§ **EXERCISE PROMPT**
For each line below with the word "mechanical", write out a copy.

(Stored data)
=== Section Start ===

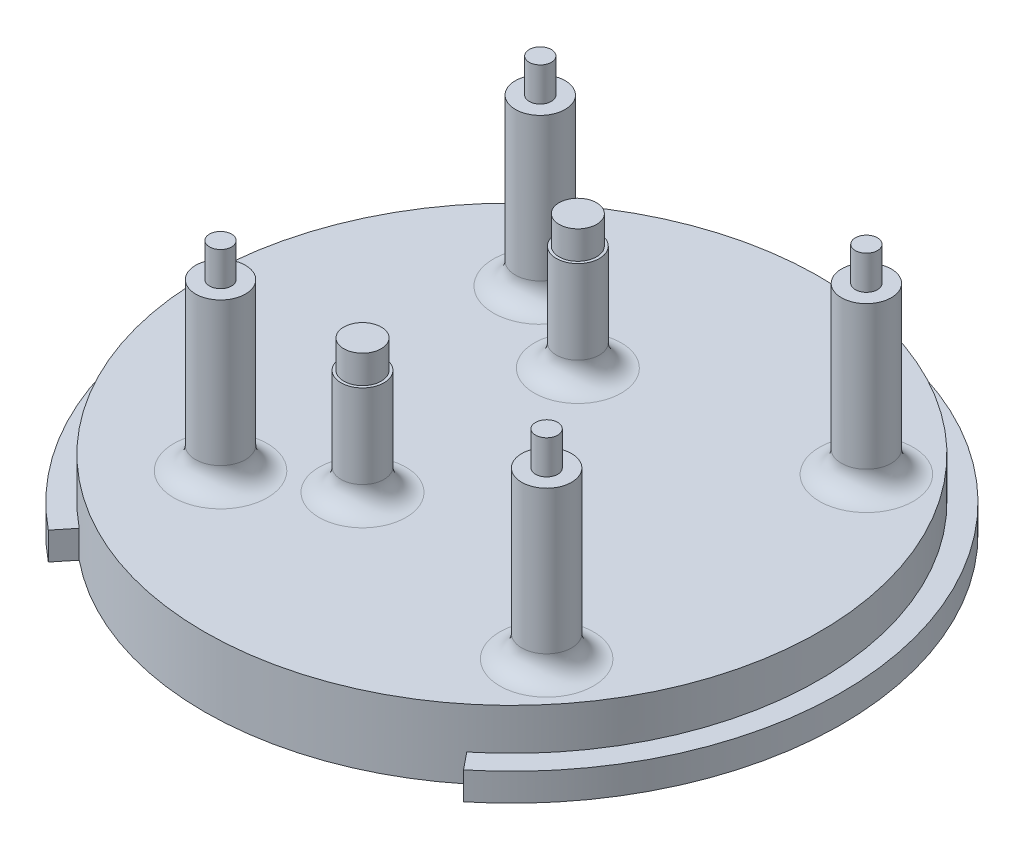
ISO-10303-21;
HEADER;
FILE_DESCRIPTION(('STEP AP214'),'2;1');
FILE_NAME('part.step','',(''),(''),'','','');
FILE_SCHEMA(('AUTOMOTIVE_DESIGN { 1 0 10303 214 1 1 1 1 }'));
ENDSEC;
DATA;
#1=APPLICATION_CONTEXT('core data for automotive mechanical design processes');
#2=APPLICATION_PROTOCOL_DEFINITION('international standard','automotive_design',2000,#1);
#3=PRODUCT_CONTEXT('',#1,'mechanical');
#4=PRODUCT('Part','Part','',(#3));
#5=PRODUCT_RELATED_PRODUCT_CATEGORY('part','',(#4));
#6=PRODUCT_DEFINITION_FORMATION('','',#4);
#7=PRODUCT_DEFINITION_CONTEXT('part definition',#1,'design');
#8=PRODUCT_DEFINITION('design','',#6,#7);
#9=PRODUCT_DEFINITION_SHAPE('','',#8);
#10=(LENGTH_UNIT() NAMED_UNIT(*) SI_UNIT(.MILLI.,.METRE.));
#11=(NAMED_UNIT(*) PLANE_ANGLE_UNIT() SI_UNIT($,.RADIAN.));
#12=(NAMED_UNIT(*) SI_UNIT($,.STERADIAN.) SOLID_ANGLE_UNIT());
#13=UNCERTAINTY_MEASURE_WITH_UNIT(LENGTH_MEASURE(1.E-05),#10,'distance_accuracy_value','');
#14=(GEOMETRIC_REPRESENTATION_CONTEXT(3) GLOBAL_UNCERTAINTY_ASSIGNED_CONTEXT((#13)) GLOBAL_UNIT_ASSIGNED_CONTEXT((#10,
#11,#12)) REPRESENTATION_CONTEXT('',''));
#15=CARTESIAN_POINT('',(0.,0.,0.));
#16=DIRECTION('',(0.,0.,1.));
#17=DIRECTION('',(1.,0.,0.));
#18=AXIS2_PLACEMENT_3D('',#15,#16,#17);
#19=CARTESIAN_POINT('',(0.,2.,0.));
#20=DIRECTION('',(0.,-1.,0.));
#21=DIRECTION('',(0.,0.,-1.));
#22=AXIS2_PLACEMENT_3D('',#19,#20,#21);
#23=CYLINDRICAL_SURFACE('',#22,23.8125);
#24=CARTESIAN_POINT('',(0.,0.,0.));
#25=DIRECTION('',(0.,1.,0.));
#26=DIRECTION('',(0.,0.,1.));
#27=AXIS2_PLACEMENT_3D('',#24,#25,#26);
#28=CIRCLE('',#27,23.8125);
#29=CARTESIAN_POINT('',(15.,0.,18.4941925006203));
#30=VERTEX_POINT('',#29);
#31=CARTESIAN_POINT('',(-15.,0.,18.4941925006203));
#32=VERTEX_POINT('',#31);
#33=EDGE_CURVE('E96',#30,#32,#28,.T.);
#34=ORIENTED_EDGE('',*,*,#33,.T.);
#35=DIRECTION('',(0.,1.,0.));
#36=VECTOR('',#35,1.);
#37=CARTESIAN_POINT('',(-15.,0.,18.4941925006203));
#38=LINE('',#37,#36);
#39=CARTESIAN_POINT('',(-15.,2.,18.4941925006203));
#40=VERTEX_POINT('',#39);
#41=EDGE_CURVE('E58',#32,#40,#38,.T.);
#42=ORIENTED_EDGE('',*,*,#41,.T.);
#43=CARTESIAN_POINT('',(0.,2.,0.));
#44=DIRECTION('',(0.,1.,0.));
#45=DIRECTION('',(0.,0.,1.));
#46=AXIS2_PLACEMENT_3D('',#43,#44,#45);
#47=CIRCLE('',#46,23.8125);
#48=CARTESIAN_POINT('',(15.,2.,18.4941925006203));
#49=VERTEX_POINT('',#48);
#50=EDGE_CURVE('E114',#49,#40,#47,.T.);
#51=ORIENTED_EDGE('',*,*,#50,.F.);
#52=DIRECTION('',(0.,1.,0.));
#53=VECTOR('',#52,1.);
#54=CARTESIAN_POINT('',(15.,0.,18.4941925006203));
#55=LINE('',#54,#53);
#56=EDGE_CURVE('E85',#30,#49,#55,.T.);
#57=ORIENTED_EDGE('',*,*,#56,.F.);
#58=EDGE_LOOP('',(#34,#42,#51,#57));
#59=FACE_BOUND('',#58,.T.);
#60=ADVANCED_FACE('F34',(#59),#23,.T.);
#61=CARTESIAN_POINT('',(0.,2.,0.));
#62=DIRECTION('',(0.,1.,0.));
#63=DIRECTION('',(0.,0.,1.));
#64=AXIS2_PLACEMENT_3D('',#61,#62,#63);
#65=PLANE('',#64);
#66=DIRECTION('',(-0.629921259842522,0.,0.776659002650719));
#67=VECTOR('',#66,1.);
#68=CARTESIAN_POINT('',(-15.,2.,18.4941925006203));
#69=LINE('',#68,#67);
#70=CARTESIAN_POINT('',(-14.,2.,17.2612463339123));
#71=VERTEX_POINT('',#70);
#72=EDGE_CURVE('E72',#71,#40,#69,.T.);
#73=ORIENTED_EDGE('',*,*,#72,.F.);
#74=CARTESIAN_POINT('',(0.,2.,0.));
#75=DIRECTION('',(0.,1.,0.));
#76=DIRECTION('',(0.,0.,1.));
#77=AXIS2_PLACEMENT_3D('',#74,#75,#76);
#78=CIRCLE('',#77,22.225);
#79=CARTESIAN_POINT('',(14.,2.,17.2612463339123));
#80=VERTEX_POINT('',#79);
#81=EDGE_CURVE('E111',#80,#71,#78,.T.);
#82=ORIENTED_EDGE('',*,*,#81,.F.);
#83=DIRECTION('',(-0.629921259842522,0.,-0.776659002650719));
#84=VECTOR('',#83,1.);
#85=CARTESIAN_POINT('',(15.,2.,18.4941925006203));
#86=LINE('',#85,#84);
#87=EDGE_CURVE('E49',#49,#80,#86,.T.);
#88=ORIENTED_EDGE('',*,*,#87,.F.);
#89=ORIENTED_EDGE('',*,*,#50,.T.);
#90=EDGE_LOOP('',(#73,#82,#88,#89));
#91=FACE_BOUND('',#90,.T.);
#92=ADVANCED_FACE('F168',(#91),#65,.T.);
#93=CARTESIAN_POINT('',(0.,0.,0.));
#94=DIRECTION('',(0.,1.,0.));
#95=DIRECTION('',(0.,0.,1.));
#96=AXIS2_PLACEMENT_3D('',#93,#94,#95);
#97=PLANE('',#96);
#98=CARTESIAN_POINT('',(0.,0.,0.));
#99=DIRECTION('',(0.,-1.,0.));
#100=DIRECTION('',(0.,0.,1.));
#101=AXIS2_PLACEMENT_3D('',#98,#99,#100);
#102=CIRCLE('',#101,22.225);
#103=CARTESIAN_POINT('',(14.,0.,17.2612463339123));
#104=VERTEX_POINT('',#103);
#105=CARTESIAN_POINT('',(-14.,0.,17.2612463339123));
#106=VERTEX_POINT('',#105);
#107=EDGE_CURVE('E88',#104,#106,#102,.T.);
#108=ORIENTED_EDGE('',*,*,#107,.T.);
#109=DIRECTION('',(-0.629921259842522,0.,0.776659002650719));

=== Section End ===

§ **EXERCISE ANSWER**
#1=APPLICATION_CONTEXT('core data for automotive mechanical design processes');
#3=PRODUCT_CONTEXT('',#1,'mechanical');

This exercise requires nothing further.